* _Aim of the exercise_:
Go through the entries below and return every line that contains "ByBlock".

(Records from a data collection)
»»

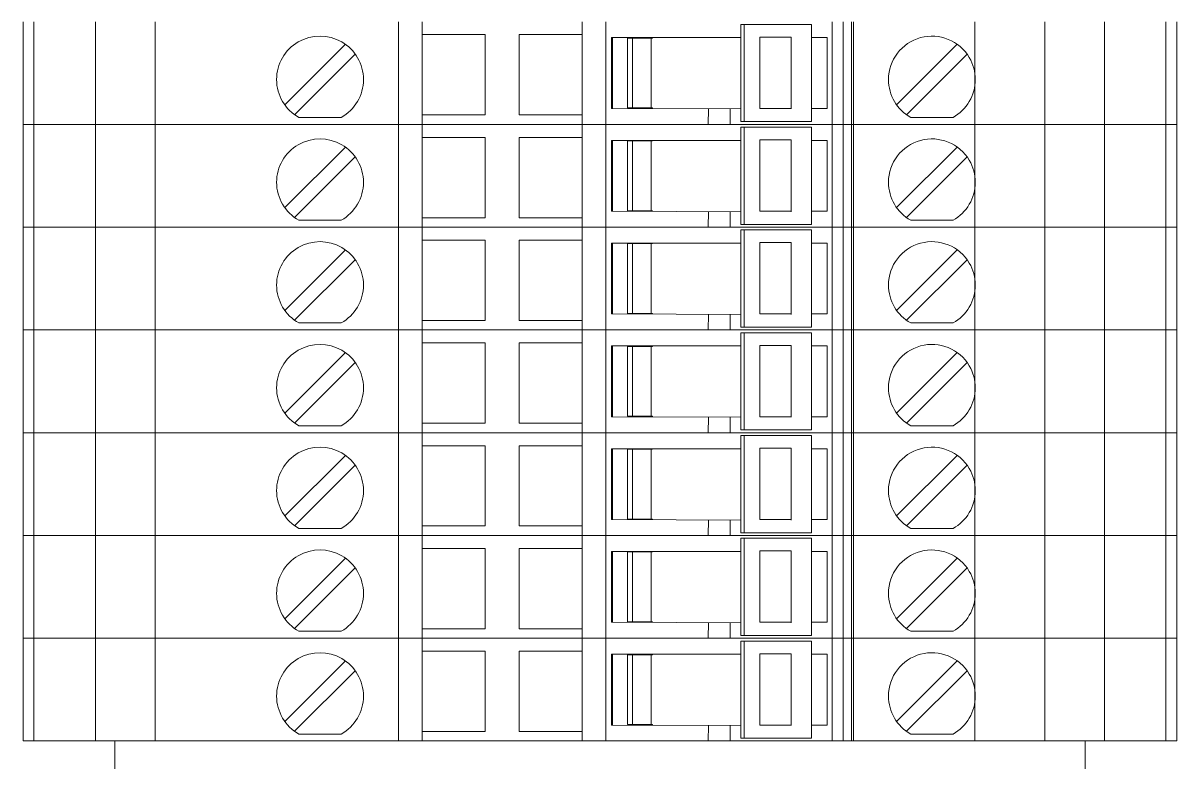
# Model space of a CAD drawing. Header units: millimetres. Extents: x 1880 to 4113, y 771 to 2990.
# Drawn here: x 3131.2 to 3189, y 1352.5 to 1389.5 of the extents above; entities that cross this region are included whole.
import ezdxf

# ---------------------------------------------------------------- set-up
doc = ezdxf.new("R2010")
doc.units = ezdxf.units.MM
doc.layers.add('000-PI-Oprema', color=30, linetype='Continuous', lineweight=5)

msp = doc.modelspace()

# ---------------------------------------------------------------- linework, layer by layer
at = {"color": 0, "linetype": 'ByBlock', "lineweight": 0, "ltscale": 0.25}
msp.add_lwpolyline([(3135.772, 1353.563), (3135.772, 1346.213), (3184.372, 1346.213), (3184.372, 1353.563), (3135.772, 1353.563)], dxfattribs=at)
at = {"layer": '000-PI-Oprema', "color": 0, "linetype": 'ByBlock', "lineweight": 0}
for p, q in [((3131.172, 1389.613), (3131.172, 1384.463)), ((3131.719, 1384.463), (3131.719, 1389.613)), ((3134.796, 1389.613), (3134.796, 1384.463)), ((3137.796, 1389.613), (3137.796, 1384.463)), ((3149.972, 1389.613), (3149.972, 1384.463)), ((3151.172, 1389.613), (3151.172, 1384.463)), ((3159.172, 1384.463), (3159.172, 1389.613)), ((3160.372, 1384.463), (3160.372, 1389.613)), ((3171.702, 1389.613), (3171.702, 1384.463)), ((3172.245, 1384.463), (3172.245, 1389.613)), ((3172.672, 1384.463), (3172.672, 1389.613)), ((3172.772, 1389.613), (3172.772, 1384.463)), ((3178.848, 1389.613), (3178.848, 1384.463)), ((3182.348, 1389.613), (3182.348, 1384.463)), ((3185.348, 1389.613), (3185.348, 1384.463)), ((3188.424, 1384.463), (3188.424, 1389.613)), ((3188.972, 1389.613), (3188.972, 1384.463)), ((3151.172, 1388.963), (3151.172, 1388.963)), ((3151.172, 1388.963), (3154.322, 1388.963)), ((3154.322, 1388.963), (3154.322, 1388.963)), ((3154.322, 1388.963), (3154.322, 1384.938)), ((3156.022, 1388.963), (3159.172, 1388.963)), ((3156.022, 1388.963), (3156.022, 1388.963)), ((3156.022, 1384.938), (3156.022, 1388.963)), ((3159.172, 1388.963), (3159.172, 1388.963)), ((3167.13, 1389.473), (3167.288, 1389.473)), ((3167.13, 1389.473), (3167.13, 1388.788)), ((3167.288, 1384.603), (3167.288, 1389.473)), ((3167.288, 1389.473), (3170.659, 1389.473)), ((3170.659, 1389.473), (3170.659, 1389.473)), ((3170.659, 1389.473), (3170.659, 1384.603)), ((3147.317, 1388.479), (3144.282, 1385.443)), ((3160.647, 1388.813), (3160.647, 1385.263)), ((3160.647, 1388.813), (3167.13, 1388.813)), ((3160.647, 1388.813), (3160.647, 1388.813)), ((3160.697, 1385.263), (3160.697, 1388.813)), ((3161.447, 1388.788), (3161.447, 1388.788)), ((3161.447, 1388.788), (3161.697, 1388.788)), ((3161.447, 1388.788), (3161.447, 1385.288)), ((3161.697, 1388.813), (3161.697, 1385.263)), ((3161.697, 1388.788), (3162.697, 1388.788)), ((3162.634, 1388.788), (3162.634, 1385.288)), ((3162.697, 1388.788), (3162.697, 1388.813)), ((3167.13, 1385.288), (3167.13, 1388.788)), ((3168.243, 1388.838), (3168.086, 1388.838)), ((3168.086, 1388.788), (3168.086, 1388.838)), ((3168.086, 1385.263), (3168.086, 1388.788)), ((3169.652, 1388.838), (3168.243, 1388.838)), ((3169.652, 1388.838), (3169.652, 1385.238)), ((3170.659, 1388.813), (3171.447, 1388.813)), ((3171.447, 1388.813), (3171.447, 1385.263)), ((3171.447, 1388.813), (3171.447, 1388.813)), ((3177.967, 1388.479), (3174.932, 1385.443)), ((3177.967, 1388.479), (3177.967, 1388.479)), ((3144.776, 1384.948), (3147.812, 1387.984)), ((3149.972, 1388.013), (3149.972, 1388.013)), ((3149.972, 1385.413), (3149.972, 1388.013)), ((3172.772, 1388.013), (3172.772, 1385.413)), ((3172.772, 1388.013), (3172.772, 1388.013)), ((3175.426, 1384.948), (3178.462, 1387.984)), ((3178.462, 1387.984), (3178.462, 1387.984)), ((3149.972, 1385.413), (3149.972, 1385.413)), ((3151.172, 1384.938), (3151.172, 1384.938)), ((3154.322, 1384.938), (3151.172, 1384.938)), ((3154.322, 1384.938), (3154.322, 1384.938)), ((3156.022, 1384.938), (3156.022, 1384.938)), ((3159.172, 1384.938), (3156.022, 1384.938)), ((3159.172, 1384.938), (3159.172, 1384.938)), ((3160.647, 1385.263), (3160.647, 1385.263)), ((3160.647, 1385.263), (3167.13, 1385.238)), ((3161.447, 1385.288), (3161.697, 1385.288)), ((3161.447, 1385.288), (3161.447, 1385.288)), ((3161.697, 1385.288), (3162.697, 1385.288)), ((3162.697, 1385.263), (3162.697, 1385.288)), ((3165.497, 1384.463), (3165.5, 1385.245)), ((3166.597, 1385.24), (3166.597, 1384.463)), ((3167.13, 1384.603), (3167.13, 1385.288)), ((3168.086, 1385.263), (3169.652, 1385.263)), ((3170.659, 1385.263), (3171.447, 1385.263)), ((3171.447, 1385.263), (3171.447, 1385.263)), ((3172.772, 1385.413), (3172.772, 1385.413)), ((3174.932, 1385.443), (3174.932, 1385.443)), ((3175.426, 1384.948), (3175.426, 1384.948)), ((3131.172, 1384.463), (3149.972, 1384.463)), ((3131.172, 1384.463), (3131.855, 1384.463)), ((3131.172, 1384.463), (3149.972, 1384.463)), ((3131.172, 1384.463), (3131.172, 1379.313)), ((3131.719, 1379.313), (3131.719, 1384.463)), ((3134.796, 1384.463), (3134.796, 1379.313)), ((3137.796, 1384.463), (3137.796, 1379.313)), ((3144.988, 1384.813), (3144.988, 1384.813)), ((3147.106, 1384.813), (3144.988, 1384.813)), ((3147.106, 1384.813), (3147.106, 1384.813)), ((3149.972, 1384.463), (3151.172, 1384.463)), ((3149.972, 1384.463), (3151.172, 1384.463)), ((3149.972, 1384.463), (3149.972, 1379.313)), ((3159.172, 1384.463), (3151.172, 1384.463)), ((3151.172, 1384.463), (3151.172, 1384.463)), ((3151.172, 1384.463), (3151.172, 1384.463)), ((3159.172, 1384.463), (3151.172, 1384.463)), ((3151.172, 1384.463), (3151.172, 1379.313)), ((3159.172, 1384.463), (3160.372, 1384.463)), ((3159.172, 1384.463), (3159.172, 1384.463)), ((3159.172, 1384.463), (3159.172, 1384.463)), ((3159.172, 1384.463), (3160.372, 1384.463)), ((3159.172, 1379.313), (3159.172, 1384.463)), ((3160.372, 1384.463), (3165.497, 1384.463)), ((3160.372, 1384.463), (3178.572, 1384.463)), ((3160.372, 1379.313), (3160.372, 1384.463)), ((3164.972, 1384.463), (3164.972, 1384.463)), ((3164.972, 1384.463), (3164.972, 1384.463)), ((3166.593, 1384.463), (3165.497, 1384.463)), ((3165.497, 1384.463), (3165.497, 1384.463)), ((3166.597, 1384.463), (3166.593, 1384.463)), ((3166.597, 1384.463), (3188.972, 1384.463)), ((3166.597, 1384.463), (3166.597, 1384.463)), ((3167.13, 1384.603), (3167.288, 1384.603)), ((3167.13, 1384.323), (3167.288, 1384.323)), ((3167.13, 1384.323), (3167.13, 1383.638)), ((3167.288, 1384.603), (3170.659, 1384.603)), ((3167.288, 1379.453), (3167.288, 1384.323)), ((3167.288, 1384.323), (3170.659, 1384.323)), ((3170.022, 1384.463), (3170.022, 1384.463)), ((3170.022, 1384.463), (3170.022, 1384.463)), ((3170.659, 1384.603), (3170.659, 1384.603)), ((3170.659, 1384.323), (3170.659, 1384.323)), ((3170.659, 1384.323), (3170.659, 1379.453)), ((3171.702, 1384.463), (3171.702, 1379.313)), ((3172.245, 1379.313), (3172.245, 1384.463)), ((3172.672, 1384.463), (3172.672, 1384.463)), ((3172.672, 1384.463), (3172.672, 1384.463)), ((3172.672, 1379.313), (3172.672, 1384.463)), ((3172.772, 1384.463), (3172.772, 1379.313)), ((3175.638, 1384.813), (3175.638, 1384.813)), ((3175.638, 1384.813), (3177.756, 1384.813)), ((3177.756, 1384.813), (3177.756, 1384.813)), ((3188.972, 1384.463), (3178.572, 1384.463)), ((3178.848, 1384.463), (3178.848, 1379.313)), ((3182.348, 1384.463), (3182.348, 1379.313)), ((3185.348, 1384.463), (3185.348, 1379.313)), ((3188.424, 1379.313), (3188.424, 1384.463)), ((3188.972, 1384.463), (3188.972, 1379.313)), ((3151.172, 1383.813), (3151.172, 1383.813)), ((3151.172, 1383.813), (3154.322, 1383.813)), ((3154.322, 1383.813), (3154.322, 1383.813)), ((3154.322, 1383.813), (3154.322, 1379.788)), ((3156.022, 1383.813), (3159.172, 1383.813)), ((3156.022, 1383.813), (3156.022, 1383.813)), ((3156.022, 1379.788), (3156.022, 1383.813)), ((3159.172, 1383.813), (3159.172, 1383.813)), ((3147.317, 1383.329), (3144.282, 1380.293)), ((3160.647, 1383.663), (3160.647, 1380.113)), ((3160.647, 1383.663), (3167.13, 1383.663)), ((3160.647, 1383.663), (3160.647, 1383.663)), ((3160.697, 1380.113), (3160.697, 1383.663)), ((3161.447, 1383.638), (3161.447, 1383.638)), ((3161.447, 1383.638), (3161.697, 1383.638)), ((3161.447, 1383.638), (3161.447, 1380.138)), ((3161.697, 1383.663), (3161.697, 1380.113)), ((3161.697, 1383.638), (3162.697, 1383.638)), ((3162.634, 1383.638), (3162.634, 1380.138)), ((3162.697, 1383.638), (3162.697, 1383.663)), ((3167.13, 1380.138), (3167.13, 1383.638)), ((3168.243, 1383.688), (3168.086, 1383.688)), ((3168.086, 1383.638), (3168.086, 1383.688)), ((3168.086, 1380.113), (3168.086, 1383.638)), ((3169.652, 1383.688), (3168.243, 1383.688)), ((3169.652, 1383.688), (3169.652, 1380.088)), ((3170.659, 1383.663), (3171.447, 1383.663)), ((3171.447, 1383.663), (3171.447, 1380.113)), ((3171.447, 1383.663), (3171.447, 1383.663)), ((3177.967, 1383.329), (3174.932, 1380.293)), ((3177.967, 1383.329), (3177.967, 1383.329)), ((3144.776, 1379.798), (3147.812, 1382.834)), ((3149.972, 1382.863), (3149.972, 1382.863)), ((3149.972, 1380.263), (3149.972, 1382.863)), ((3172.772, 1382.863), (3172.772, 1380.263)), ((3172.772, 1382.863), (3172.772, 1382.863)), ((3175.426, 1379.798), (3178.462, 1382.834)), ((3178.462, 1382.834), (3178.462, 1382.834)), ((3174.932, 1380.293), (3174.932, 1380.293)), ((3149.972, 1380.263), (3149.972, 1380.263)), ((3151.172, 1379.788), (3151.172, 1379.788)), ((3154.322, 1379.788), (3151.172, 1379.788)), ((3154.322, 1379.788), (3154.322, 1379.788)), ((3156.022, 1379.788), (3156.022, 1379.788)), ((3159.172, 1379.788), (3156.022, 1379.788)), ((3159.172, 1379.788), (3159.172, 1379.788)), ((3160.647, 1380.113), (3160.647, 1380.113)), ((3160.647, 1380.113), (3167.13, 1380.088)), ((3161.447, 1380.138), (3161.697, 1380.138)), ((3161.447, 1380.138), (3161.447, 1380.138)), ((3161.697, 1380.138), (3162.697, 1380.138)), ((3162.697, 1380.113), (3162.697, 1380.138)), ((3165.497, 1379.313), (3165.5, 1380.095)), ((3166.597, 1380.09), (3166.597, 1379.313)), ((3167.13, 1379.453), (3167.13, 1380.138)), ((3168.086, 1380.113), (3169.652, 1380.113)), ((3170.659, 1380.113), (3171.447, 1380.113)), ((3171.447, 1380.113), (3171.447, 1380.113)), ((3172.772, 1380.263), (3172.772, 1380.263)), ((3175.426, 1379.798), (3175.426, 1379.798)), ((3131.172, 1379.313), (3149.972, 1379.313)), ((3131.172, 1379.313), (3131.855, 1379.313)), ((3131.172, 1379.313), (3149.972, 1379.313)), ((3131.172, 1379.313), (3131.172, 1374.163)), ((3131.719, 1374.163), (3131.719, 1379.313)), ((3134.796, 1379.313), (3134.796, 1374.163)), ((3137.796, 1379.313), (3137.796, 1374.163)), ((3144.988, 1379.663), (3144.988, 1379.663)), ((3147.106, 1379.663), (3144.988, 1379.663)), ((3147.106, 1379.663), (3147.106, 1379.663)), ((3149.972, 1379.313), (3151.172, 1379.313)), ((3149.972, 1379.313), (3151.172, 1379.313)), ((3149.972, 1379.313), (3149.972, 1374.163)), ((3159.172, 1379.313), (3151.172, 1379.313)), ((3151.172, 1379.313), (3151.172, 1379.313)), ((3151.172, 1379.313), (3151.172, 1379.313)), ((3159.172, 1379.313), (3151.172, 1379.313)), ((3151.172, 1379.313), (3151.172, 1374.163)), ((3159.172, 1379.313), (3160.372, 1379.313)), ((3159.172, 1379.313), (3159.172, 1379.313)), ((3159.172, 1379.313), (3159.172, 1379.313)), ((3159.172, 1379.313), (3160.372, 1379.313)), ((3159.172, 1374.163), (3159.172, 1379.313)), ((3160.372, 1379.313), (3165.497, 1379.313)), ((3160.372, 1379.313), (3178.572, 1379.313)), ((3160.372, 1374.163), (3160.372, 1379.313)), ((3164.972, 1379.313), (3164.972, 1379.313)), ((3164.972, 1379.313), (3164.972, 1379.313)), ((3166.593, 1379.313), (3165.497, 1379.313)), ((3165.497, 1379.313), (3165.497, 1379.313)), ((3166.597, 1379.313), (3166.593, 1379.313)), ((3166.597, 1379.313), (3188.972, 1379.313)), ((3166.597, 1379.313), (3166.597, 1379.313)), ((3167.13, 1379.453), (3167.288, 1379.453)), ((3167.13, 1379.173), (3167.288, 1379.173)), ((3167.13, 1379.173), (3167.13, 1378.488)), ((3167.288, 1379.453), (3170.659, 1379.453)), ((3167.288, 1374.303), (3167.288, 1379.173)), ((3167.288, 1379.173), (3170.659, 1379.173)), ((3170.022, 1379.313), (3170.022, 1379.313)), ((3170.022, 1379.313), (3170.022, 1379.313)), ((3170.659, 1379.453), (3170.659, 1379.453)), ((3170.659, 1379.173), (3170.659, 1379.173)), ((3170.659, 1379.173), (3170.659, 1374.303)), ((3171.702, 1379.313), (3171.702, 1374.163)), ((3172.245, 1374.163), (3172.245, 1379.313)), ((3172.672, 1379.313), (3172.672, 1379.313)), ((3172.672, 1379.313), (3172.672, 1379.313)), ((3172.672, 1374.163), (3172.672, 1379.313)), ((3172.772, 1379.313), (3172.772, 1374.163)), ((3175.638, 1379.663), (3175.638, 1379.663)), ((3175.638, 1379.663), (3177.756, 1379.663)), ((3177.756, 1379.663), (3177.756, 1379.663)), ((3188.972, 1379.313), (3178.572, 1379.313)), ((3178.848, 1379.313), (3178.848, 1374.163)), ((3182.348, 1379.313), (3182.348, 1374.163)), ((3185.348, 1379.313), (3185.348, 1374.163)), ((3188.424, 1374.163), (3188.424, 1379.313)), ((3188.972, 1379.313), (3188.972, 1374.163)), ((3151.172, 1378.663), (3151.172, 1378.663)), ((3151.172, 1378.663), (3154.322, 1378.663)), ((3154.322, 1378.663), (3154.322, 1378.663)), ((3154.322, 1378.663), (3154.322, 1374.638)), ((3156.022, 1378.663), (3159.172, 1378.663)), ((3156.022, 1378.663), (3156.022, 1378.663)), ((3156.022, 1374.638), (3156.022, 1378.663)), ((3159.172, 1378.663), (3159.172, 1378.663)), ((3168.243, 1378.538), (3168.086, 1378.538)), ((3168.086, 1378.488), (3168.086, 1378.538)), ((3169.652, 1378.538), (3168.243, 1378.538)), ((3169.652, 1378.538), (3169.652, 1374.938)), ((3147.317, 1378.179), (3144.282, 1375.143)), ((3160.647, 1378.513), (3160.647, 1374.963)), ((3160.647, 1378.513), (3167.13, 1378.513)), ((3160.647, 1378.513), (3160.647, 1378.513)), ((3160.697, 1374.963), (3160.697, 1378.513)), ((3161.447, 1378.488), (3161.447, 1378.488)), ((3161.447, 1378.488), (3161.697, 1378.488)), ((3161.447, 1378.488), (3161.447, 1374.988)), ((3161.697, 1378.513), (3161.697, 1374.963)), ((3161.697, 1378.488), (3162.697, 1378.488)), ((3162.634, 1378.488), (3162.634, 1374.988)), ((3162.697, 1378.488), (3162.697, 1378.513)), ((3167.13, 1374.988), (3167.13, 1378.488)), ((3168.086, 1374.963), (3168.086, 1378.488)), ((3170.659, 1378.513), (3171.447, 1378.513)), ((3171.447, 1378.513), (3171.447, 1374.963)), ((3171.447, 1378.513), (3171.447, 1378.513)), ((3177.967, 1378.179), (3174.932, 1375.143)), ((3177.967, 1378.179), (3177.967, 1378.179)), ((3144.776, 1374.648), (3147.812, 1377.684)), ((3149.972, 1377.713), (3149.972, 1377.713)), ((3149.972, 1375.113), (3149.972, 1377.713)), ((3172.772, 1377.713), (3172.772, 1375.113)), ((3172.772, 1377.713), (3172.772, 1377.713)), ((3175.426, 1374.648), (3178.462, 1377.684)), ((3178.462, 1377.684), (3178.462, 1377.684)), ((3149.972, 1375.113), (3149.972, 1375.113)), ((3172.772, 1375.113), (3172.772, 1375.113)), ((3174.932, 1375.143), (3174.932, 1375.143)), ((3144.988, 1374.513), (3144.988, 1374.513)), ((3147.106, 1374.513), (3144.988, 1374.513)), ((3147.106, 1374.513), (3147.106, 1374.513)), ((3151.172, 1374.638), (3151.172, 1374.638)), ((3154.322, 1374.638), (3151.172, 1374.638)), ((3154.322, 1374.638), (3154.322, 1374.638)), ((3156.022, 1374.638), (3156.022, 1374.638)), ((3159.172, 1374.638), (3156.022, 1374.638)), ((3159.172, 1374.638), (3159.172, 1374.638)), ((3160.647, 1374.963), (3160.647, 1374.963)), ((3160.647, 1374.963), (3167.13, 1374.938)), ((3161.447, 1374.988), (3161.697, 1374.988)), ((3161.447, 1374.988), (3161.447, 1374.988)), ((3161.697, 1374.988), (3162.697, 1374.988)), ((3162.697, 1374.963), (3162.697, 1374.988)), ((3165.497, 1374.163), (3165.5, 1374.945)), ((3166.597, 1374.94), (3166.597, 1374.163)), ((3167.13, 1374.303), (3167.13, 1374.988)), ((3168.086, 1374.963), (3169.652, 1374.963)), ((3170.659, 1374.963), (3171.447, 1374.963)), ((3171.447, 1374.963), (3171.447, 1374.963)), ((3175.426, 1374.648), (3175.426, 1374.648)), ((3175.638, 1374.513), (3175.638, 1374.513)), ((3175.638, 1374.513), (3177.756, 1374.513)), ((3177.756, 1374.513), (3177.756, 1374.513)), ((3131.172, 1374.163), (3149.972, 1374.163)), ((3131.172, 1374.163), (3131.855, 1374.163)), ((3131.172, 1374.163), (3149.972, 1374.163)), ((3131.172, 1374.163), (3131.172, 1369.013)), ((3131.719, 1369.013), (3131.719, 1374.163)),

««

* _Solution for this exercise_:
at = {"color": 0, "linetype": 'ByBlock', "lineweight": 0, "ltscale": 0.25}
at = {"layer": '000-PI-Oprema', "color": 0, "linetype": 'ByBlock', "lineweight": 0}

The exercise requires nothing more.